Evaluate classification
Rust
#![allow(unused)]
fn main() {
extern crate jammi_db;
extern crate jammi_ai;
extern crate tokio;
use jammi_ai::session::InferenceSession;
async fn ex(session: &InferenceSession) -> jammi_db::error::Result<()> {
use jammi_ai::eval::{EvalTask, InferenceAggregate};
let report = session.eval_inference(
"facebook/bart-large-mnli",
"test_data",
&["text".into()],
EvalTask::Classification,
"golden.public.labels",
"category",
).await?;
match &report.aggregate {
InferenceAggregate::Classification(c) => {
println!("Accuracy: {}", c.accuracy);
println!("Macro F1: {}", c.f1);
}
InferenceAggregate::Ner(n) => {
println!("NER F1: {}", n.f1);
}
}
println!("per_record predictions: {}", report.per_record.len());
Ok(()) }
}
Python
metrics = db.eval_inference(
model="facebook/bart-large-mnli",
source="test_data",
columns=["text"],
task="classification",
golden_source="golden.public.labels",
label_column="category",
)
# `aggregate` is tagged by `task`; for classification it carries
# `accuracy`, `f1`, and `per_class`.
agg = metrics["aggregate"]
print(f"Accuracy: {agg['accuracy']:.3f}")
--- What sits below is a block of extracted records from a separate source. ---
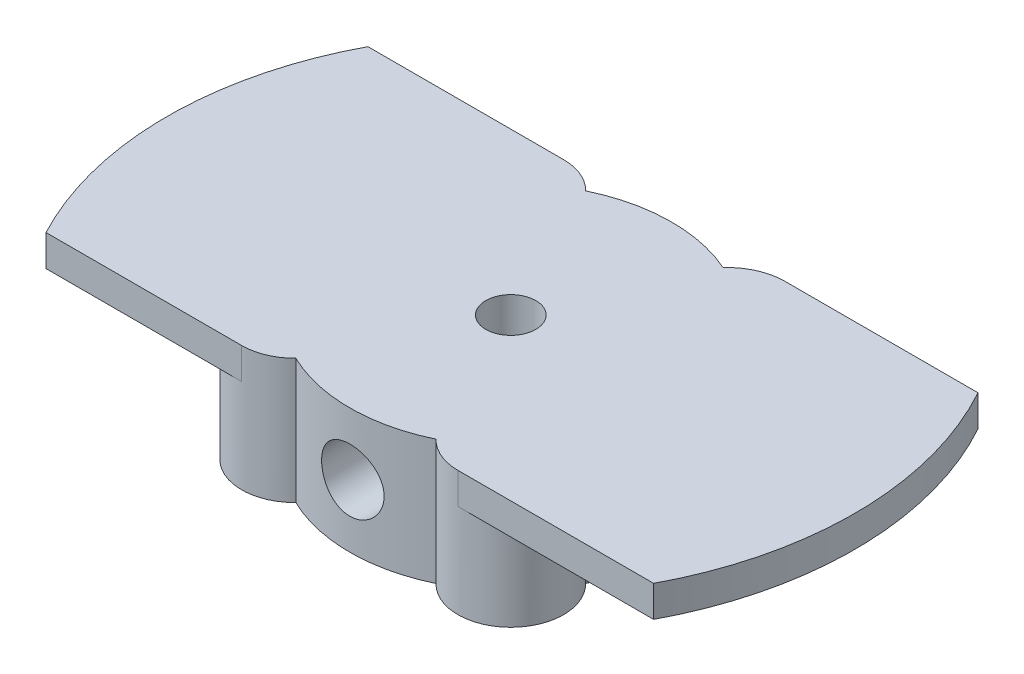
from build123d import *

# Parameters (mm, degrees)
SKETCH1_R           = 1.6
BOSS_EXTRUDE1_DEPTH = 8
SKETCH3_R           = 2
CUT_EXTRUDE1_DEPTH  = 14.5
BOSS_EXTRUDE3_START = -2
BOSS_EXTRUDE3_DEPTH = 2
SKETCH5_R           = 2.25
CUT_EXTRUDE2_DEPTH  = 6.3


with BuildPart() as part:
    # Sketch1 → Boss-Extrude1 (new body)
    with BuildSketch(Plane(origin=(0, 0, 0), x_dir=(1, 0, 0), z_dir=(0, 1, 0))):
        with BuildLine():
            ThreePointArc((-9.272031939, -4.485468061), (-9.308556454, -9.308556454), (-4.485468061, -9.272031939))
            ThreePointArc((-4.485468061, -9.272031939), (0, -10.3), (4.485468061, -9.272031939))
            ThreePointArc((4.485468061, -9.272031939), (9.308556454, -9.308556454), (9.272031939, -4.485468061))
            ThreePointArc((9.272031939, -4.485468061), (10.298455819, -0.178347233), (9.421782939, 4.161731161))
            ThreePointArc((9.421782939, 4.161731161), (9.547911886, 9.547911886), (4.161731161, 9.421782939))
            ThreePointArc((4.161731161, 9.421782939), (-0.178347233, 10.298455819), (-4.485468061, 9.272031939))
            ThreePointArc((-4.485468061, 9.272031939), (-9.308556454, 9.308556454), (-9.272031939, 4.485468061))
            ThreePointArc((-9.272031939, 4.485468061), (-10.3, 0), (-9.272031939, -4.485468061))
        make_face()
        Circle(SKETCH1_R, mode=Mode.SUBTRACT)
    extrude(amount=BOSS_EXTRUDE1_DEPTH)

    # Sketch3 → Cut-Extrude1 (cut)
    with BuildSketch(Plane.XY):
        with Locations((0, 4)):
            Circle(SKETCH3_R)
    extrude(amount=CUT_EXTRUDE1_DEPTH, mode=Mode.SUBTRACT)

    # Sketch4 → Boss-Extrude3 (add)
    with BuildSketch(Plane(origin=(0, 8, 0), x_dir=(1, 0, 0), z_dir=(0, 1, 0)).offset(BOSS_EXTRUDE3_START)):
        with BuildLine():
            Line((-19.439907407, 10.3), (-6.915, 10.3))
            ThreePointArc((-6.915, 10.3), (-10.052052009, 8.186664144), (-9.272031939, 4.485468061))
            ThreePointArc((-9.272031939, 4.485468061), (-10.3, 0), (-9.272031939, -4.485468061))
            ThreePointArc((-9.272031939, -4.485468061), (-10.052052009, -8.186664144), (-6.915, -10.3))
            Line((-6.915, -10.3), (-19.439907407, -10.3))
            ThreePointArc((-19.439907407, -10.3), (-22, 0), (-19.439907407, 10.3))
        make_face()
        with BuildLine():
            Line((19.256747497, 10.638499698), (6.915, 10.638499698))
            ThreePointArc((6.915, 10.638499698), (10.387480791, 8.25899671), (9.421782939, 4.161731161))
            ThreePointArc((9.421782939, 4.161731161), (10.298455819, -0.178347233), (9.272031939, -4.485468061))
            ThreePointArc((9.272031939, -4.485468061), (10.052052009, -8.186664144), (6.915, -10.3))
            Line((6.915, -10.3), (19.439907407, -10.3))
            ThreePointArc((19.439907407, -10.3), (21.999158338, 0.192438041), (19.256747497, 10.638499698))
        make_face()
    extrude(amount=BOSS_EXTRUDE3_DEPTH)

    # Sketch5 → Cut-Extrude2 (cut)
    with BuildSketch(Plane.XZ):
        with Locations((-6.915, 6.915)):
            Circle(SKETCH5_R)
        with Locations((6.915, 6.915)):
            Circle(SKETCH5_R)
        with Locations((6.915, -6.915)):
            Circle(SKETCH5_R)
        with Locations((-6.915, -6.915)):
            Circle(SKETCH5_R)
    extrude(amount=-CUT_EXTRUDE2_DEPTH, mode=Mode.SUBTRACT)


solid = part.part
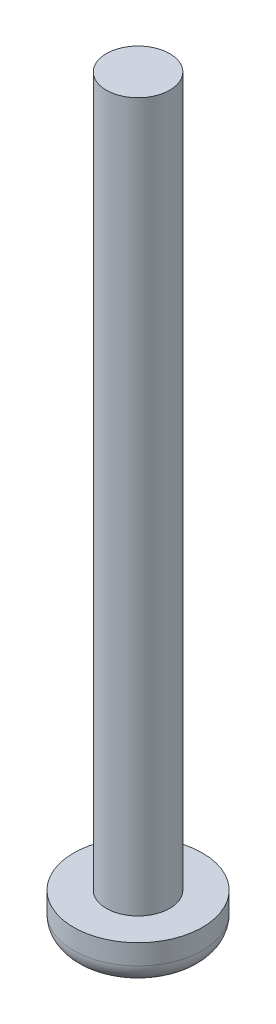
from build123d import *

# Parameters (mm, degrees)
SKETCH1_R           = 1.25
BOSS_EXTRUDE1_DEPTH = 27.94
SKETCH2_R           = 2.54
BOSS_EXTRUDE2_DEPTH = 1.5875
CUT_EXTRUDE1_DEPTH  = 0.79375
FILLET1_R           = 0.79375
FILLET2_R           = 0.049609375


with BuildPart() as part:
    # Sketch1 → Boss-Extrude1 (new body)
    with BuildSketch(Plane(origin=(0, 0, 0), x_dir=(1, 0, 0), z_dir=(0, 1, 0))):
        with Locations(Location((0, 0, 0), (0, 0, 270))):
            Circle(SKETCH1_R)
    extrude(amount=BOSS_EXTRUDE1_DEPTH)

    # Sketch2 → Boss-Extrude2 (add)
    with BuildSketch(Plane.XZ):
        with Locations(Location((0, 0, 0), (0, 0, 270))):
            Circle(SKETCH2_R)
    extrude(amount=BOSS_EXTRUDE2_DEPTH)

    # Sketch3 → Cut-Extrude1 (cut)
    with BuildSketch(Plane.XZ.offset(1.5875)):
        Polygon((-1.7859375, 0.1984375), (-1.7859375, -0.1984375), (-0.1984375, -0.1984375), (-0.1984375, -1.7859375), (0.1984375, -1.7859375), (0.1984375, -0.1984375), (1.7859375, -0.1984375), (1.7859375, 0.1984375), (0.1984375, 0.1984375), (0.1984375, 1.7859375), (-0.1984375, 1.7859375), (-0.1984375, 0.1984375), align=None)
    extrude(amount=-CUT_EXTRUDE1_DEPTH, mode=Mode.SUBTRACT)

    # Fillet1
    # the kernel refuses this fillet: 0.79375 mm, written as the material it takes off along each edge
    with BuildSketch(Plane(origin=(0, -1.5875, 0), x_dir=(0, 0, -1), z_dir=(-1, 0, 0))) as fillet1_piece_1:
        with BuildLine():
            CenterArc((2.54 - FILLET1_R, -FILLET1_R), FILLET1_R, 0, 90)
            Line((2.54 - FILLET1_R, 0), (2.54, 0))
            Line((2.54, 0), (2.54, -FILLET1_R))
        make_face()
    revolve(axis=Axis((0, -1.5875, 0), (0, -1, 0)), mode=Mode.SUBTRACT)

    # Fillet2
    fillet2_edges = [part.edges().sort_by_distance(p)[0] for p in [
        (-0.9921875, -0.79375, 0.1984375),
        (-1.7859375, -1.189815274, 0.1984375),
        (-0.1984375, -0.79375, 0.9921875),
        (-0.1984375, -1.190625, 0.1984375),
        (0, -0.79375, 1.7859375),
        (-0.1984375, -1.189815274, 1.7859375),
        (0.1984375, -0.79375, 0.9921875),
        (0.1984375, -1.189815274, 1.7859375),
        (0.9921875, -0.79375, 0.1984375),
        (0.1984375, -1.190625, 0.1984375),
        (1.7859375, -0.79375, 0),
        (1.7859375, -1.189815274, 0.1984375),
        (0.9921875, -0.79375, -0.1984375),
        (1.7859375, -1.189815274, -0.1984375),
        (0.1984375, -0.79375, -0.9921875),
        (0.1984375, -1.190625, -0.1984375),
        (0, -0.79375, -1.7859375),
        (0.1984375, -1.189815274, -1.7859375),
        (-0.1984375, -0.79375, -0.9921875),
        (-0.1984375, -1.189815274, -1.7859375),
        (-0.9921875, -0.79375, -0.1984375),
        (-0.1984375, -1.190625, -0.1984375),
        (-1.7859375, -0.79375, 0),
        (-1.7859375, -1.189815274, -0.1984375),
        (-0.966688003, -1.5875, 0.1984375),
        (-0.1984375, -1.5875, -0.966688003),
        (0.966688003, -1.5875, -0.1984375),
        (0.1984375, -1.5875, 0.966688003),
        (-0.1984375, -1.5875, 0.966688003),
        (0.966688003, -1.5875, 0.1984375),
        (0.1984375, -1.5875, -0.966688003),
        (-0.966688003, -1.5875, -0.1984375),
        (0.1984375, -1.587095111, 1.760450859),
        (0, -1.586507192, 1.7859375),
        (-0.1984375, -1.587095111, 1.760450859),
        (-1.760450859, -1.587095111, 0.1984375),
        (-1.7859375, -1.586507192, 0),
        (-1.760450859, -1.587095111, -0.1984375),
        (-0.1984375, -1.587095111, -1.760450859),
        (0.099219305, -1.586364526, -1.7859375),
        (0.1984375, -1.587095111, -1.760450859),
        (1.760450859, -1.587095111, -0.1984375),
        (1.7859375, -1.586507192, 0),
        (1.760450859, -1.587095111, 0.1984375),
    ]]
    fillet(fillet2_edges, radius=FILLET2_R)


solid = part.part
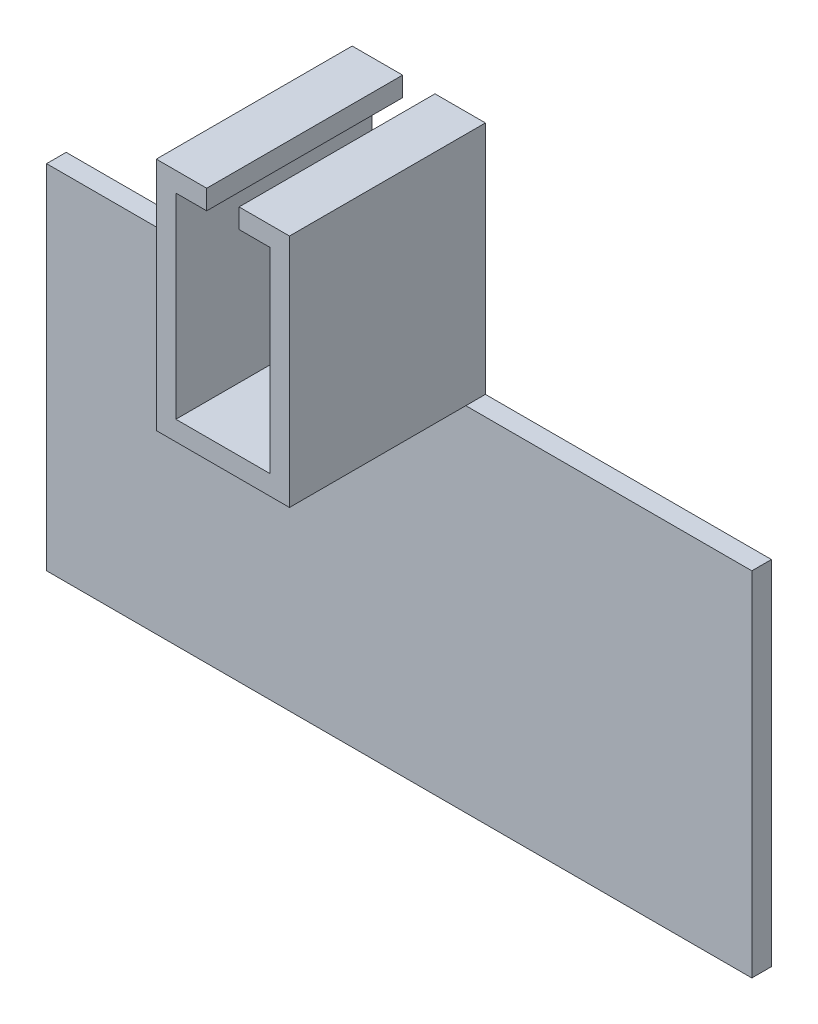
from build123d import *

# Parameters (mm, degrees)
AUFSATZ_LINEAR_AUSTRAGEN1_DEPTH = 500
SKIZZE2_W                       = 450
SKIZZE2_H                       = 900
SCHNITT_LINEAR_AUSTRAGEN1_DEPTH = 2096.829191513


with BuildPart() as part:
    # Skizze1 → Aufsatz-Linear austragen1 (new body)
    with BuildSketch(Plane.XY):
        Polygon((-120, 0), (120, 0), (120, 500), (41.348314607, 500), (41.348314607, 550), (170, 550), (170, -50), (900, -50), (900, -950), (513.483146067, -950), (-513.483146067, -950), (-900, -950), (-900, -50), (-170, -50), (-170, 550), (-41.348314607, 550), (-41.348314607, 500), (-120, 500), align=None)
    extrude(amount=AUFSATZ_LINEAR_AUSTRAGEN1_DEPTH)

    # Skizze2 → Schnitt-Linear austragen1 (cut, through all)
    with BuildSketch(Plane(origin=(900, 0, 0), x_dir=(0, 0, -1), z_dir=(1, 0, 0))):
        with Locations((-275, -500)):
            Rectangle(SKIZZE2_W, SKIZZE2_H)
    extrude(amount=-SCHNITT_LINEAR_AUSTRAGEN1_DEPTH, mode=Mode.SUBTRACT)


solid = part.part

print(f"Macro F1: {agg['f1']:.3f}")
# `per_record` is one entry per aligned predicted/gold pair.
print(f"per_record predictions: {len(metrics['per_record'])}")
Eval runs in the catalog
Every evaluation is recorded automatically:
#![allow(unused)]
fn main() {
extern crate jammi_db;
extern crate jammi_ai;
extern crate tokio;
use jammi_ai::session::InferenceSession;
async fn ex(session: &InferenceSession) -> jammi_db::error::Result<()> {
let runs = session.catalog().list_eval_runs().await?;
for run in &runs {
println!("{}: {} on {} (k={:?})", run.eval_run_id, run.eval_type, run.golden_source, run.k);
}
Ok(()) }
}
Schema validation
Golden datasets are validated before evaluation starts. Missing or wrong-type columns produce clear errors:
Eval error: Golden dataset missing required column 'query_text'
Eval error: Golden dataset column 'query_id' has type Boolean, expected Utf8
Integer ID columns (Int32, Int64) are accepted where Utf8 is expected.